This makes it simple to port new designs to the board. You can either use our example design with an integrated Python framework, or simply use basic serial port or bit-banging functionalists. The firmware for the microcontroller is open-source, and the python control logic is part of the open-source ChipWhisperer software.

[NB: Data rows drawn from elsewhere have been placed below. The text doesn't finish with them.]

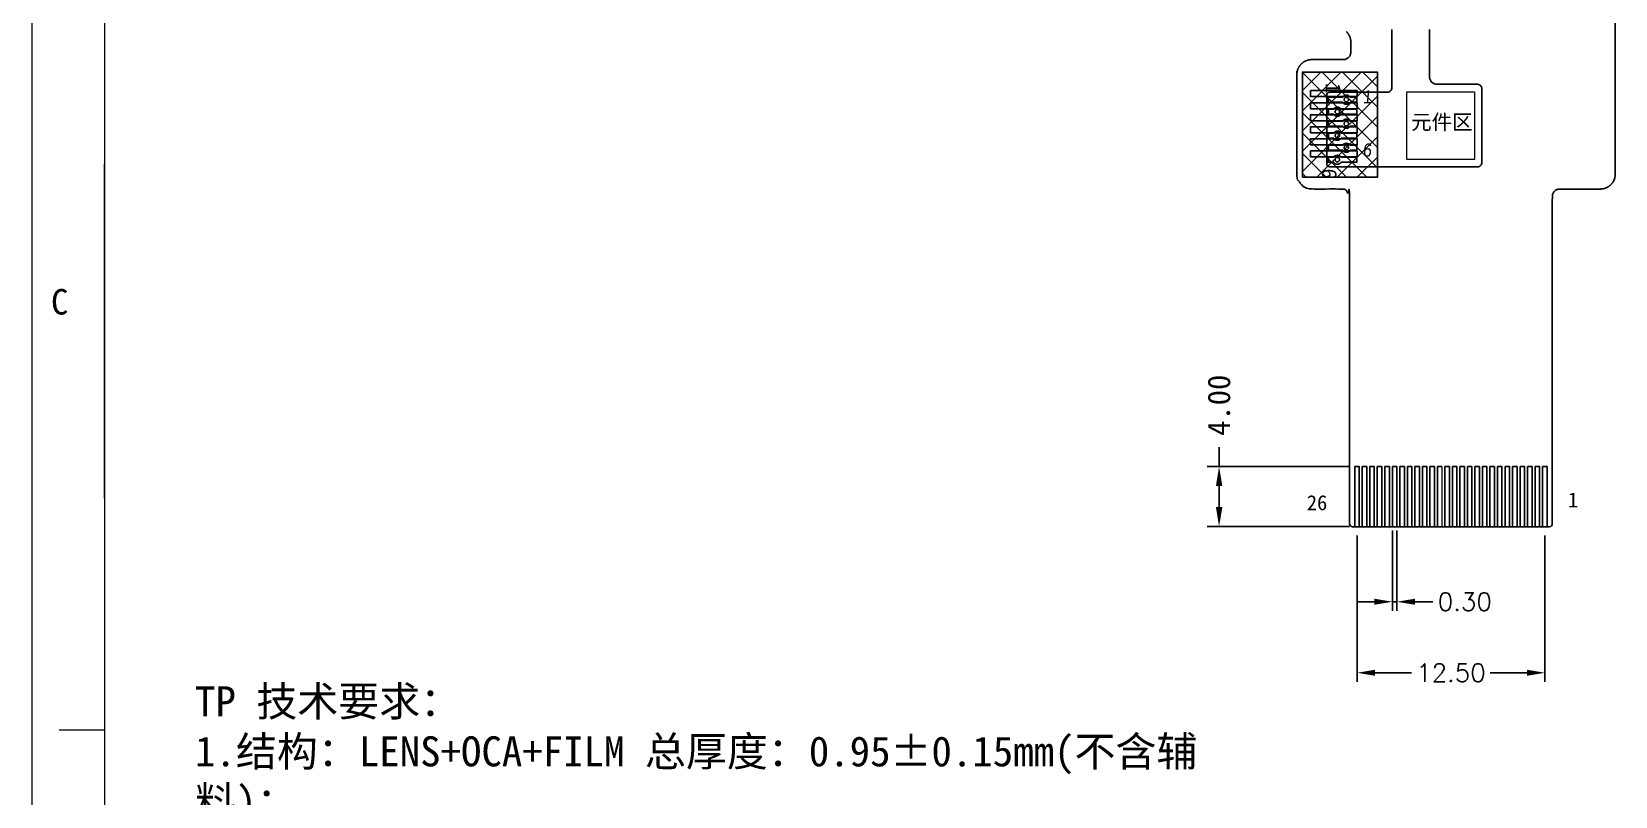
# Model space of a CAD drawing. Header units: millimetres. Extents: x 395 to 741, y -849 to -609.
# Drawn here: x 394.5 to 500, y -760.9 to -709.9 of the extents above; entities that cross this region are included whole.
import ezdxf

# ---------------------------------------------------------------- set-up
doc = ezdxf.new("R2010")
doc.units = ezdxf.units.MM
doc.header["$PDMODE"] = 3
doc.layers.get('0').update_dxf_attribs({"lineweight": 9})
doc.layers.get('Defpoints').update_dxf_attribs({"lineweight": 9})
doc.layers.add('DIM', color=4, linetype='Continuous', lineweight=13)
for name, color, linetype in [('DIM（标注）', 3, 'Continuous'), ('FPC', 60, 'Continuous'), ('LCM-DIM', 3, 'Continuous'), ('标 注', 3, 'Continuous')]:
    doc.layers.add(name, color=color, linetype=linetype)
doc.styles.add('LCM', font='romans.shx')
doc.styles.add('romans', font='romans.shx')
doc.styles.add('宋', font='SimSun.ttf', dxfattribs={"height": 2})
doc.styles.add('宋体', font='')
doc.styles.add('标准', font='simplex.shx', dxfattribs={"width": 0.9, "oblique": 5, "bigfont": 'hztxt.shx'})
doc.styles.get('宋体').set_extended_font_data('FangSong_GB2312')
doc.dimstyles.new('LCM-DIM', dxfattribs={"dimtxt": 1.2, "dimasz": 1.2, "dimexe": 0.6, "dimexo": 0.6, "dimgap": 0.3, "dimtad": 0, "dimzin": 3, "dimdsep": 46, "dimtxsty": 'LCM', "dimcen": 1, "dimclrd": 3, "dimclre": 3, "dimclrt": 3, "dimadec": 0, "dimazin": 0, "dimtfac": 1, "dimtmove": 0, "dimatfit": 1, "dimfxl": 1, "dimtolj": 1, "dimarcsym": 0})
doc.dimstyles.new('STANDARD 03$0', dxfattribs={"dimscale": 0, "dimtxt": 1.5, "dimasz": 1.3, "dimexe": 0.8, "dimexo": 0.5, "dimgap": 0.5, "dimtad": 0, "dimzin": 0, "dimdsep": 46, "dimtxsty": 'romans', "dimcen": 1, "dimclrd": 256, "dimclre": 256, "dimclrt": 256, "dimadec": 0, "dimazin": 0, "dimtfac": 1, "dimtmove": 0, "dimatfit": 3, "dimfxl": 1, "dimtolj": 1, "dimtzin": 0, "dimlwd": -1, "dimarcsym": 0})

# ---------------------------------------------------------------- blocks, each defined once
blk = doc.blocks.new('*D29')
at = {"layer": 'Defpoints', "color": 0, "transparency": 16777216}
for p in [(485.13, -742.56, -12.5), (485.43, -742.56, -12.5), (485.43, -747.9)]:
    blk.add_point(p, dxfattribs=at)
at = {"layer": 'LCM-DIM', "color": 3, "lineweight": -2, "transparency": 16777216}
for p, q in [((485.13, -743.16), (485.13, -748.5)), ((485.43, -743.16), (485.43, -748.5)), ((483.93, -747.9), (482.73, -747.9)), ((485.13, -747.9), (485.43, -747.9)), ((486.63, -747.9), (487.83, -747.9))]:
    blk.add_line(p, q, dxfattribs=at)
at = {"layer": 'LCM-DIM', "color": 3, "transparency": 16777216}
for points in [[(483.93, -747.7), (483.93, -748.1), (485.13, -747.9)], [(486.63, -747.7), (486.63, -748.1), (485.43, -747.9)]]:
    blk.add_solid(points, dxfattribs=at)
at = {"layer": 'LCM-DIM', "color": 3, "transparency": 16777216, "insert": (489.95, -747.9), "char_height": 1.2, "attachment_point": 5, "style": 'LCM'}
blk.add_mtext('\\A1;0.30', dxfattribs=at)
blk = doc.blocks.new('*D30')
at = {"layer": 'Defpoints', "color": 0, "transparency": 16777216}
for p in [(482.78, -742.9, -12.5), (495.28, -742.9, -6.25), (495.28, -752.63)]:
    blk.add_point(p, dxfattribs=at)
at = {"layer": 'LCM-DIM', "color": 3, "lineweight": -2, "transparency": 16777216}
for p, q in [((482.78, -743.5), (482.78, -753.23)), ((495.28, -743.5), (495.28, -753.23)), ((483.98, -752.63), (486.41, -752.63)), ((494.08, -752.63), (491.64, -752.63))]:
    blk.add_line(p, q, dxfattribs=at)
at = {"layer": 'LCM-DIM', "color": 3, "transparency": 16777216}
for points in [[(483.98, -752.43), (483.98, -752.83), (482.78, -752.63)], [(494.08, -752.43), (494.08, -752.83), (495.28, -752.63)]]:
    blk.add_solid(points, dxfattribs=at)
at = {"layer": 'LCM-DIM', "color": 3, "transparency": 16777216, "insert": (489.03, -752.63), "char_height": 1.2, "attachment_point": 5, "style": 'LCM'}
blk.add_mtext('\\A1;12.50', dxfattribs=at)
blk = doc.blocks.new('*U23')
at = {"layer": '标 注', "color": 2, "lineweight": -3}
for points in [[(-1, 0.57), (0.07, 0.57)], [(0.07, 0.23), (-1, 0.23)], [(0.56, 0.57), (0.62, 0.57)], [(0.62, 0.23), (0.56, 0.23)], [(0.62, 0.57), (1, 0.57), (1, 0.23), (0.62, 0.23)], [(-1, -0.23), (-0.59, -0.23)], [(-0.59, -0.57), (-1, -0.57)], [(-0.59, -0.23), (-0.53, -0.23)], [(-0.53, -0.57), (-0.59, -0.57)], [(-0.04, -0.23), (1, -0.23), (1, -0.57), (-0.04, -0.57)]]:
    blk.add_lwpolyline(points, dxfattribs=at)
for centre in [(0.31, 0.4), (-0.29, -0.4)]:
    blk.add_circle(centre, 0.15, dxfattribs=at)
for centre, radius, start, end in [((-1.07, 0.4), 0.19, 293.1986, 66.8014), ((0.31, 0.4), 0.3, 35.6853, 144.3147), ((0.31, 0.4), 0.3, 215.6853, 324.3147), ((-1.07, -0.4), 0.19, 293.1986, 66.8014), ((-0.29, -0.4), 0.3, 35.6853, 144.3147), ((-0.29, -0.4), 0.3, 215.6853, 324.3147)]:
    blk.add_arc(centre, radius, start, end, dxfattribs=at)
blk = doc.blocks.new('*U24')
at = {"color": 0, "linetype": 'ByBlock', "lineweight": -2, "transparency": 16777216}
for p in [(0, 0), (0, -1.6), (0, -3.2)]:
    blk.add_blockref('*U23', p, dxfattribs=at)
blk = doc.blocks.new('*D39')
at = {"layer": 'Defpoints', "color": 0, "transparency": 16777216}
for p in [(473.59, -738.9), (482.78, -738.9, -12.5), (482.78, -742.9, -12.5)]:
    blk.add_point(p, dxfattribs=at)
at = {"layer": 'DIM（标注）', "transparency": 16777216}
for p, q in [((473.59, -738.9), (473.59, -737.6)), ((473.59, -741.6), (473.59, -740.2))]:
    blk.add_line(p, q, dxfattribs=at)
at = {"layer": 'DIM（标注）', "lineweight": -2, "transparency": 16777216}
for p, q in [((482.28, -738.9), (472.79, -738.9)), ((482.28, -742.9), (472.79, -742.9))]:
    blk.add_line(p, q, dxfattribs=at)
at = {"layer": 'DIM（标注）', "transparency": 16777216}
for points in [[(473.38, -740.2), (473.81, -740.2), (473.59, -738.9)], [(473.38, -741.6), (473.81, -741.6), (473.59, -742.9)]]:
    blk.add_solid(points, dxfattribs=at)
at = {"layer": 'DIM（标注）', "transparency": 16777216, "insert": (473.59, -734.82), "char_height": 1.5, "attachment_point": 5, "rotation": 90, "style": '宋体'}
blk.add_mtext('\\A1;4.00', dxfattribs=at)

msp = doc.modelspace()

# ---------------------------------------------------------------- hatches: boundary and pattern name
at = {"layer": '标 注', "lineweight": -3}
h = msp.add_hatch(dxfattribs=at)
h.set_pattern_fill('ANSI37', color=2, scale=0.3)
h.set_pattern_definition([(45, (-1467.408, -1062.8151), (-0.6735192, 0.6735192), []), (135, (-1467.408, -1062.8151), (-0.6735192, -0.6735192), [])])
h.paths.add_polyline_path([(484.135, -712.635), (479.135, -712.635), (479.135, -719.635), (484.135, -719.635)])

# ---------------------------------------------------------------- linework, layer by layer
at = {"color": 7, "linetype": 'Continuous'}
msp.add_line((394.538, -608.565), (394.538, -848.991), dxfattribs=at)
at = {"linetype": 'Continuous'}
for p, q in [((399.395, -618.016), (399.395, -848.727)), ((399.395, -756.443), (396.359, -756.443))]:
    msp.add_line(p, q, dxfattribs=at)
at = {"color": 2, "lineweight": 25}
for p, q in [((482.626, -742.904, -12.5), (482.626, -738.904, -12.5)), ((482.926, -738.904, -12.5), (482.926, -742.904, -12.5)), ((487.626, -742.904, -18.75), (487.626, -738.904, -18.75)), ((487.626, -738.904, -18.75), (487.926, -738.904, -18.75)), ((487.926, -738.904, -18.75), (487.926, -742.904, -18.75)), ((488.126, -742.904, -18.75), (488.126, -738.904, -18.75)), ((488.126, -738.904, -18.75), (488.426, -738.904, -18.75)), ((495.126, -742.904, -6.25), (495.126, -738.904, -6.25)), ((495.126, -742.904, -6.25), (495.126, -738.904, -6.25)), ((495.426, -738.904, -6.25), (495.426, -742.904, -6.25)), ((495.426, -738.904, -6.25), (495.426, -742.904, -6.25)), ((483.926, -742.904, -12.5), (483.626, -742.904, -12.5)), ((484.426, -742.904, -12.5), (484.126, -742.904, -12.5)), ((487.426, -742.904, -12.5), (487.126, -742.904, -12.5)), ((487.926, -742.904, -18.75), (487.626, -742.904, -18.75)), ((488.426, -742.904, -18.75), (488.126, -742.904, -18.75))]:
    msp.add_line(p, q, dxfattribs=at)
at = {"color": 2, "lineweight": -2}
for p, q in [((495.126, -742.904, -6.25), (495.126, -738.904, -6.25)), ((495.426, -738.904, -6.25), (495.426, -742.904, -6.25))]:
    msp.add_line(p, q, dxfattribs=at)
at = {"color": 30, "linetype": 'Continuous', "true_color": 0xf8991e}
msp.add_lwpolyline([(490.592, -713.944), (490.592, -718.444), (486.092, -718.444), (486.092, -713.944)], close=True, dxfattribs=at)
at = {"layer": 'DIM', "color": 2}
msp.add_line((488.426, -738.904, -6.25), (488.426, -742.904, -6.25), dxfattribs=at)
at = {"layer": 'FPC', "color": 30}
msp.add_line((482.476, -742.904), (495.575, -742.904), dxfattribs=at)
at = {"layer": 'FPC', "color": 3}
for points in [[(479.679, -714.27), (482.777, -714.27), (482.777, -713.87), (479.679, -713.87)], [(482.777, -714.27), (479.679, -714.27), (479.679, -713.87), (482.777, -713.87)], [(479.679, -715.07), (482.777, -715.07), (482.777, -714.67), (479.679, -714.67)], [(482.777, -715.07), (479.679, -715.07), (479.679, -714.67), (482.777, -714.67)], [(479.679, -715.87), (482.777, -715.87), (482.777, -715.47), (479.679, -715.47)], [(482.777, -715.87), (479.679, -715.87), (479.679, -715.47), (482.777, -715.47)], [(479.679, -716.67), (482.777, -716.67), (482.777, -716.27), (479.679, -716.27)], [(482.777, -716.67), (479.679, -716.67), (479.679, -716.27), (482.777, -716.27)], [(479.679, -717.47), (482.777, -717.47), (482.777, -717.07), (479.679, -717.07)], [(482.777, -717.47), (479.679, -717.47), (479.679, -717.07), (482.777, -717.07)], [(479.679, -718.27), (482.777, -718.27), (482.777, -717.87), (479.679, -717.87)], [(482.777, -718.27), (479.679, -718.27), (479.679, -717.87), (482.777, -717.87)]]:
    msp.add_lwpolyline(points, close=True, dxfattribs=at)
at = {"layer": 'FPC', "color": 2, "lineweight": 25, "flags": 128}
for points, elevation in [([(482.626, -738.904), (482.926, -738.904), (482.926, -742.904), (482.626, -742.904)], -12.5), ([(482.626, -738.904), (482.926, -738.904), (482.926, -742.904), (482.626, -742.904)], -12.5), ([(483.126, -738.904), (483.426, -738.904), (483.426, -742.904), (483.126, -742.904)], -12.5), ([(483.626, -738.904), (483.926, -738.904), (483.926, -742.904), (483.626, -742.904)], -12.5), ([(484.126, -738.904), (484.426, -738.904), (484.426, -742.904), (484.126, -742.904)], -12.5), ([(484.626, -738.904), (484.926, -738.904), (484.926, -742.904), (484.626, -742.904)], -12.5), ([(485.126, -738.904), (485.426, -738.904), (485.426, -742.904), (485.126, -742.904)], -12.5), ([(485.626, -738.904), (485.926, -738.904), (485.926, -742.904), (485.626, -742.904)], -12.5), ([(486.126, -738.904), (486.426, -738.904), (486.426, -742.904), (486.126, -742.904)], -12.5), ([(486.626, -738.904), (486.926, -738.904), (486.926, -742.904), (486.626, -742.904)], -12.5), ([(487.126, -738.904), (487.426, -738.904), (487.426, -742.904), (487.126, -742.904)], -12.5), ([(488.626, -738.904), (488.926, -738.904), (488.926, -742.904), (488.626, -742.904)], -6.25), ([(489.126, -738.904), (489.426, -738.904), (489.426, -742.904), (489.126, -742.904)], -6.25), ([(489.626, -738.904), (489.926, -738.904), (489.926, -742.904), (489.626, -742.904)], -6.25), ([(490.126, -738.904), (490.426, -738.904), (490.426, -742.904), (490.126, -742.904)], -6.25), ([(490.626, -738.904), (490.926, -738.904), (490.926, -742.904), (490.626, -742.904)], -6.25), ([(491.126, -738.904), (491.426, -738.904), (491.426, -742.904), (491.126, -742.904)], -6.25), ([(491.626, -738.904), (491.926, -738.904), (491.926, -742.904), (491.626, -742.904)], -6.25), ([(492.126, -738.904), (492.426, -738.904), (492.426, -742.904), (492.126, -742.904)], -6.25), ([(492.626, -738.904), (492.926, -738.904), (492.926, -742.904), (492.626, -742.904)], -6.25), ([(493.126, -738.904), (493.426, -738.904), (493.426, -742.904), (493.126, -742.904)], -6.25), ([(493.626, -738.904), (493.926, -738.904), (493.926, -742.904), (493.626, -742.904)], -6.25), ([(494.126, -738.904), (494.426, -738.904), (494.426, -742.904), (494.126, -742.904)], -6.25), ([(494.626, -738.904), (494.926, -738.904), (494.926, -742.904), (494.626, -742.904)], -6.25), ([(495.126, -738.904), (495.426, -738.904), (495.426, -742.904), (495.126, -742.904)], -6.25), ([(495.126, -738.904), (495.426, -738.904), (495.426, -742.904), (495.126, -742.904)], -6.25)]:
    msp.add_lwpolyline(points, close=True, dxfattribs=dict(at, elevation=elevation))
at = {"layer": 'FPC', "color": 30}
for centre, start, end in [((482.476, -742.704, -25), 180, 270), ((495.576, -742.704, -18.75), 270, 0)]:
    msp.add_arc(centre, 0.2, start, end, dxfattribs=at)
for points, weights, knots in [([(495.776, -742.704, 6.25), (495.776, -731.811, 6.25), (495.776, -720.919, 6.25), (495.776, -720.419, 6.25), (496.276, -720.419, 6.25), (497.623, -720.419, 3.125), (498.97, -720.419), (499.97, -720.419), (499.97, -719.419), (499.97, -712.832), (499.97, -706.245)], [1, 1, 1, 0.707106781187, 1, 1, 1, 0.707106781187, 1, 1, 1], [0, 0, 0, 1, 1, 2.5707963, 2.5707963, 3.5707963, 3.5707963, 5.1415927, 5.1415927, 6.1415927, 6.1415927, 6.1415927]), ([(482.276, -742.704, 6.25), (482.276, -731.811, 6.25), (482.276, -720.919, 6.25), (482.276, -720.419, 6.25), (481.776, -720.419, 6.25), (480.774, -720.419, 6.25), (479.772, -720.419, 6.25), (478.772, -720.419, 6.25), (478.772, -719.419, 6.25), (478.77, -716.11, 3.125), (478.768, -712.802), (478.768, -711.802), (479.768, -711.802), (480.816, -711.802), (481.864, -711.802), (482.364, -711.802), (482.364, -711.302), (482.364, -710.976), (482.364, -710.65), (482.364, -710.236), (482.071, -709.943)], [1, 1, 1, 0.707106781187, 1, 1, 1, 0.707106781187, 1, 1, 1, 0.707106781187, 1, 1, 1, 0.707106781187, 1, 1, 1, 0.923879532515, 1], [0, 0, 0, 1, 1, 2.5707963, 2.5707963, 3.5707963, 3.5707963, 5.1415927, 5.1415927, 6.1415927, 6.1415927, 7.712389, 7.712389, 8.712389, 8.712389, 10.2831853, 10.2831853, 11.2831853, 11.2831853, 12.0685835, 12.0685835, 12.0685835])]:
    msp.add_rational_spline(points, weights, degree=2, knots=knots, dxfattribs=at)
at = {"layer": '标 注', "color": 0}
msp.add_line((399.395, -741.004), (399.395, -718.736), dxfattribs=at)
at = {"layer": '标 注', "color": 30, "lineweight": -3, "true_color": 0xf8991e}
msp.add_lwpolyline([(487.595, -709.795), (487.595, -712.944, 0.4142136), (488.095, -713.444), (490.792, -713.444, -0.4142136), (491.092, -713.744), (491.092, -718.644, -0.4142136), (490.792, -718.944), (480.954, -718.944, -0.4142136), (480.754, -718.744), (480.754, -714.17, -0.4142136), (480.954, -713.97), (484.795, -713.97, 0.4142136), (485.095, -713.67), (485.095, -709.795)], format="xyb", dxfattribs=at)
at = {"layer": '标 注', "color": 2, "lineweight": -3}
msp.add_lwpolyline([(479.135, -719.635), (484.135, -719.635), (484.135, -712.635), (479.135, -712.635)], close=True, dxfattribs=at)

# ---------------------------------------------------------------- block references
at = {"color": 30}
msp.add_blockref('*U24', (481.754, -714.87), dxfattribs=at)

# ---------------------------------------------------------------- texts
at = {"color": 4, "linetype": 'Continuous', "style": '宋体'}
msp.add_text('C', height=1.7, dxfattribs=at).set_placement((395.825, -728.776))
at = {"color": 1, "char_height": 1, "attachment_point": 9}
for s, insert, width in [('26', (480.795, -741.821), 1.91742), ('1', (497.497, -741.623), 3.53432)]:
    msp.add_mtext(s, dxfattribs=dict(at, insert=insert, width=width))
at = {"color": 0, "insert": (405.412, -753.527), "char_height": 2, "width": 67.44573, "attachment_point": 1, "style": '宋'}
msp.add_mtext('{\\C4;TP 技术要求：\\P1.结构：LENS+OCA+FILM 总厚度：0.95%%P0.15mm(不含辅料)；\\P2.IC:CST816D 通道数TX14；\\P3.LENS材质；强化玻璃，表面硬度≥3H；落球测试64g钢球直径25mm，中心位置50CM的高度，3次不破损;\\P4.VA区透光率为80%以上，\\P5.工作环境：-10℃~+60℃ ≤80%RH；\\P6.存储环境：-20℃~+70℃ ≤85%RH；\\P7.产品符合RoHS标准；\\P8.静电要求:接触4KV，空气8KV；\\P9.尺寸未注公差:%%P0.2mm}', dxfattribs=at)
at = {"layer": 'DIM', "lineweight": -3, "char_height": 1, "width": 2.23258, "attachment_point": 1, "rotation": 270, "style": '宋体'}
for s, insert in [('{\\C1;1}', (481.696, -713.36)), ('{\\C1;6}', (481.432, -719.057))]:
    msp.add_mtext(s, dxfattribs=dict(at, insert=insert))
at = {"layer": 'DIM', "color": 30, "true_color": 0xf8991e, "insert": (486.38, -715.461), "char_height": 1, "width": 4.68493, "attachment_point": 1, "style": '宋体'}
msp.add_mtext('元件区', dxfattribs=at)
at = {"layer": 'FPC', "color": 30, "char_height": 0.875, "attachment_point": 1, "style": '标准'}
for s, insert, width in [('{\\fSTZhongsong|b0|i0|c0|p2;1}', (483.157, -713.841), 0.51253), ('{\\fSTZhongsong|b0|i0|c134|p2;6}', (483.144, -717.388), 0.57539)]:
    msp.add_mtext(s, dxfattribs=dict(at, insert=insert, width=width))

# ---------------------------------------------------------------- dimensions: what is measured, and where the dimension line sits
at = {"layer": 'DIM（标注）', "color": 30}
dim = msp.add_linear_dim(base=(473.594, -738.904), p1=(482.776, -742.904, -12.5), p2=(482.776, -738.904, -12.5), angle=90, dimstyle='STANDARD 03$0', override={"dimscale": 1, "dimtxsty": '宋体', "dimarcsym": 1}, dxfattribs=at)
dim.commit()
dim.dimension.update_dxf_attribs({"geometry": '*D39', "text_midpoint": (473.594, -734.818)})
at = {"layer": 'LCM-DIM'}
for base, p1, p2, picture, middle in [((485.426, -747.903), (485.126, -742.563, -12.5), (485.426, -742.563, -12.5), '*D29', (489.954, -747.903)), ((495.276, -752.628), (482.776, -742.904, -12.5), (495.276, -742.904, -6.25), '*D30', (489.026, -752.628))]:
    dim = msp.add_linear_dim(base=base, p1=p1, p2=p2, dimstyle='LCM-DIM', dxfattribs=at)
    dim.commit()
    dim.dimension.update_dxf_attribs({"geometry": picture, "text_midpoint": middle})

doc.saveas('drawing.dxf')

In addition, the board includes several useful features for development of SoC like devices:

  • 2x QSPI sockets - one with 1.8V fixed VCC, one with adjustable VCC.
  • Standard JTAG headers that are compatible with most Arm & RISC-V debug probes.
  • USB with PHY chip.
  • PMOD headers
  • Spare I/O headers that mate to 0.05" IDC cables.
  • DDR3 memory.
  • SRAM memory.

The board also contains multiple features specific for power analysis & fault injection testing:

  • Multi-stage filtering of VCC-INT power supplies to reduce noise.
  • On-board inductive "shunt" for power measurements.
  • On-board LNA for improved SNR of power measurements.
  • Bridgeable test points for performing other operations with VCC-INT supply.
  • Cross-flow fans allow access to die for EM probing or EMFI fault injection.
  • SMA connectors for voltage fault injection.

Block Diagram & Overview

You can see a block diagram of the board below:

CW310 block diagram

An overview of all the location of various board features are given below:

CW310 block diagram

  • A: USB-C connector for computer control & power.
  • B: Control power switch.
  • C: USB-C connector for power only (requires specific PD profile, see section X).
  • D: Classic DC barrel jack input, 9V to 20V (12V wall wart supplied).
  • E: Switch for input to 5V regulator selection on board.
  • F: Switch for main power source selection.
  • G: Indicator of power cycling or thermal overload & switch to restart power.
  • H: Target power on/off switch (switches FPGA power on/off).
  • I: Amplified shunt measurement for power analysis.
  • J: Inductive based shunt with high & low measurement ports. Can also be used for fault injection.
  • K: ChipWhisperer 20-pin standard connector.
  • L: 1.8V QSPI socket.
  • M: DDR3 memory.
  • N: User USB-C connector (requires USB implementation on FPGA).
  • O: User expansion headers, 0.05" male headers, adjustable voltage per header.
  • P: User DIP switches & LEDs.
  • Q: 2x PMOD headers.
  • R: SRAM
  • S: Configuration status & debug header.
  • T: User soft-core debug headers.
  • U: User push-buttons (suggested for reset signal).
  • V: User 10/100 ethernet.
  • X: Kintex FPGA (K410T or K160T).
  • W: Cross-flow cooling fan.

Power Supplies & Monitoring

The CW310 uses a 5V supply as the "main supply voltage". Normally, a 8-20V input → 5V output regulator is used to supply this, where the input voltage comes from a DC barrel jack or a USB-C power supply ('phone charger').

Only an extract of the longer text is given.